Aber vielleicht könnten im Zuge einer Strukturreform ein paar Fragen geklärt werden: Braucht Österreich wirklich drei Nachrichtendienste? Müssen die Auslandsaktivitäten von Agenten eines Klein- und Nicht-Nato-Staats wirklich unter militärischer statt ziviler Kontrolle sein? Das HNA hat unbestritten historische Verdienste – etwa die Beobachtung der Balkankriegsparteien. Im 21.Jahrhundert punktet er aber offenbar als heimischer Partner der NSA; das widerspricht eben jener Neutralität, die zu schützen Aufgabe des Heeres ist. Klingt nach Aufklärungs- und Reformbedarf.

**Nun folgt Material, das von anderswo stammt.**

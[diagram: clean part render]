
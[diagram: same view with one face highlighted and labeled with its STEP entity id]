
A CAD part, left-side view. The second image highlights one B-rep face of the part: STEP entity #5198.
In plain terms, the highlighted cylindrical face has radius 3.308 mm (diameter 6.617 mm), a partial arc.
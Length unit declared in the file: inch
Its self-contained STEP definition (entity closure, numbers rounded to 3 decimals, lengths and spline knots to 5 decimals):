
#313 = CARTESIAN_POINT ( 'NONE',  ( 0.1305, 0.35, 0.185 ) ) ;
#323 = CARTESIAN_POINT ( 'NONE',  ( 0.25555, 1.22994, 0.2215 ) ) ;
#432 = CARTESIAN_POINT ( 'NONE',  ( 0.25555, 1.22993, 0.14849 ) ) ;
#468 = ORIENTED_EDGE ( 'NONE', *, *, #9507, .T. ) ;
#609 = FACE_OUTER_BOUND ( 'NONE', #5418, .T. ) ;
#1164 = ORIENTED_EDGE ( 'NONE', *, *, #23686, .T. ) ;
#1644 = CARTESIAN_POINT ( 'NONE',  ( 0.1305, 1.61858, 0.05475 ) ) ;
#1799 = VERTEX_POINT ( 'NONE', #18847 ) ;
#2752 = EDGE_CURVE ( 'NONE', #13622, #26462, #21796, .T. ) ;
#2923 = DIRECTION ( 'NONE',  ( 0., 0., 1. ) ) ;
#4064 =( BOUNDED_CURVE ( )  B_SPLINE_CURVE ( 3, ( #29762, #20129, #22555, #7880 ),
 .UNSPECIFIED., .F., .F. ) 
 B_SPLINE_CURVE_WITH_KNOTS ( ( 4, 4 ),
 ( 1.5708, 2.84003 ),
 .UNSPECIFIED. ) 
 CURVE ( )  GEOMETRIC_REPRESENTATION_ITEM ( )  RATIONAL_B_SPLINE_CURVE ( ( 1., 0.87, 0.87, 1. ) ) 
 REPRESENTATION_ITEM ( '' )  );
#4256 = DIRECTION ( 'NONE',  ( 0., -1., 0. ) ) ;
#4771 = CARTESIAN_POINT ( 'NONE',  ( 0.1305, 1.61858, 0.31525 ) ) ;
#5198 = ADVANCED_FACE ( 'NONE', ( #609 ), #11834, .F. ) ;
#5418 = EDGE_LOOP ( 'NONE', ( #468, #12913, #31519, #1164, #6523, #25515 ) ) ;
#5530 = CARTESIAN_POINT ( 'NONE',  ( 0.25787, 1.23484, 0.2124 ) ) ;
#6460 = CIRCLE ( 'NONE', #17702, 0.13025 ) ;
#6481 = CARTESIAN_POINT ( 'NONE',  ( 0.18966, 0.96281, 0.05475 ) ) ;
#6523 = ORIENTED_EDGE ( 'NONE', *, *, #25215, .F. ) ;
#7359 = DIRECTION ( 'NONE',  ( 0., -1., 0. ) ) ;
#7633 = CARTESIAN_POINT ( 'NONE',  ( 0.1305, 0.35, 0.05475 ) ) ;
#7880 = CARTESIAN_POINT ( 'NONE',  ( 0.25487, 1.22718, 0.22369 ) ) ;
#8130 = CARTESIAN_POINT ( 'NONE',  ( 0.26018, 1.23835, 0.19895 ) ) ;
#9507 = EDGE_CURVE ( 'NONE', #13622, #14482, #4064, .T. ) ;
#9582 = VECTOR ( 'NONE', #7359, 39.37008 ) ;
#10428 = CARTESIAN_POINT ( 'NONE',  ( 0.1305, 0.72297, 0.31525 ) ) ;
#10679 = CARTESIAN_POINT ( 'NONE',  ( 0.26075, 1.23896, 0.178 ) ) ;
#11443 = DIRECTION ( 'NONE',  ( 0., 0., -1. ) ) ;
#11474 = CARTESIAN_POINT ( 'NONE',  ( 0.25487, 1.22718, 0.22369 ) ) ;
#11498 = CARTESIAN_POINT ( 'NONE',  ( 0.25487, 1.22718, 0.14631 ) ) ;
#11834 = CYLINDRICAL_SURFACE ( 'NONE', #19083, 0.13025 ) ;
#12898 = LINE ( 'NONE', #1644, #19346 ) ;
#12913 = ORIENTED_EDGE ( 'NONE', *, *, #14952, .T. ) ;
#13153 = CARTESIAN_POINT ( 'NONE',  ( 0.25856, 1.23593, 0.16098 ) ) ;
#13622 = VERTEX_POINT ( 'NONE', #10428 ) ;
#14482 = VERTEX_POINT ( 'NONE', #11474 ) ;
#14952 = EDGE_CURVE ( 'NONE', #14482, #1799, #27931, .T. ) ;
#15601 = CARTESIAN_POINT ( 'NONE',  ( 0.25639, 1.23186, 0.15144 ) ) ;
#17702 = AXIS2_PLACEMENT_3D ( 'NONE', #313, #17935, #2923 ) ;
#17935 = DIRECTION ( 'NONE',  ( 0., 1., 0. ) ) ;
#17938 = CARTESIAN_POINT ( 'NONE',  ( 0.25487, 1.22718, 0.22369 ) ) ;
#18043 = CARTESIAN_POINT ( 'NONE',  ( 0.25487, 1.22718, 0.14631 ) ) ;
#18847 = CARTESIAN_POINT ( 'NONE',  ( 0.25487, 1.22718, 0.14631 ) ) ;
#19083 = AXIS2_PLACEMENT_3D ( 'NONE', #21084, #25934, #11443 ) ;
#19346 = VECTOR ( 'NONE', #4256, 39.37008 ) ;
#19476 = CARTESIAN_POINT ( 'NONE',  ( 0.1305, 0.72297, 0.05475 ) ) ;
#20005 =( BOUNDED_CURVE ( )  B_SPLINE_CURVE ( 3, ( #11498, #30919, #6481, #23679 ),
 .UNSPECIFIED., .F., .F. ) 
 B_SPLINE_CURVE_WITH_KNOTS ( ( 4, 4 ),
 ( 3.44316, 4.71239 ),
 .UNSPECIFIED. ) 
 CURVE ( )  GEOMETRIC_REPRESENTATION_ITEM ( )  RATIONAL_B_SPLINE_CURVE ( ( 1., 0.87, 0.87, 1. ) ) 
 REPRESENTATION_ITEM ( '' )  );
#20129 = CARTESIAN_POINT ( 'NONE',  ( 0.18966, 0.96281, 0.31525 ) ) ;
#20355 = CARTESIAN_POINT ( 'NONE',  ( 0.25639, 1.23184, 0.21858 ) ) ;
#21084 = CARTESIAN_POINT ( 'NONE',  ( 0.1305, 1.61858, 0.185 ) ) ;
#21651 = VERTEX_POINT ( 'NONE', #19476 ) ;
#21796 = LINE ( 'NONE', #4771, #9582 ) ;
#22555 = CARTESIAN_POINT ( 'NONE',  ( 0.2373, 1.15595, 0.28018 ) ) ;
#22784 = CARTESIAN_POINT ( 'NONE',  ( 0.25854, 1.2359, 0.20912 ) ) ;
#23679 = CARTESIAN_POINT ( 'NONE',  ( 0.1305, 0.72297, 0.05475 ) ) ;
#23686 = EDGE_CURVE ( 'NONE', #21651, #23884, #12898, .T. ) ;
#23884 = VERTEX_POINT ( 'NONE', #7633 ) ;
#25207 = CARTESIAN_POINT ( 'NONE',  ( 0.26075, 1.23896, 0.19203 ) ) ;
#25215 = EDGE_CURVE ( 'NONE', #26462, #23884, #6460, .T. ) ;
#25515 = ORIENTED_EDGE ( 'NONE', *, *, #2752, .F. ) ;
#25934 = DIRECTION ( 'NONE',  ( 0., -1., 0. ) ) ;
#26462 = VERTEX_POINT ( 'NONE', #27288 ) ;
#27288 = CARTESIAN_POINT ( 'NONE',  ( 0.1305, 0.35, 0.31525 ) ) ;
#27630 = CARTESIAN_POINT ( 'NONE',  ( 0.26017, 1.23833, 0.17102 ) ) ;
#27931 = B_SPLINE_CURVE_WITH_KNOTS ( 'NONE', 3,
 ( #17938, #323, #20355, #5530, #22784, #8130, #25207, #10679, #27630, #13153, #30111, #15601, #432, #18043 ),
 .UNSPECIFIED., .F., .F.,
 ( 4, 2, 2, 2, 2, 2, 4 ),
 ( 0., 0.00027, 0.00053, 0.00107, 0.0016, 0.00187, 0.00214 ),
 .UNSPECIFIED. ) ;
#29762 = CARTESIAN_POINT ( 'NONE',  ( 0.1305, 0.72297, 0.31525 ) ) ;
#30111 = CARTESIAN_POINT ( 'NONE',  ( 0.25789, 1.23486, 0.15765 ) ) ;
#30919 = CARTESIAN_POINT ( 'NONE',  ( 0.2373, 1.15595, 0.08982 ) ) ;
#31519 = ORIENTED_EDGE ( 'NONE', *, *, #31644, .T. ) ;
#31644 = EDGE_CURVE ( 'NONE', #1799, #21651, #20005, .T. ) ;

Am Samstag vermeldete das „Profil“ eine neue skurrile Wendung: Das BVT, also das Innenressort, hat Anzeige gegen unbekannt erstattet. Vorwurf: Verdacht auf nachrichtendienstliche Tätigkeit zum Nachteil der Republik – also eben potenzielle NSA-Aktionen in Österreich. Und damit sind wir wieder beim Kooperationspartner der NSA, dem Heeresnachrichtenamt. Verkürzt gesagt zeigt also ein Ressort das andere an. Es wird spannend zu beobachten, wen die Staatsanwaltschaft mit Ermittlungen betraut.

Willkommen in Österreich, dem kleinen Land mit den vielen Geheimdiensten, die proporzmäßig aufgeteilt werden und sich gegenseitig beschäftigen, wenn sie nicht gerade dem US-Dienst zuliefern. Geld ist ja genug da.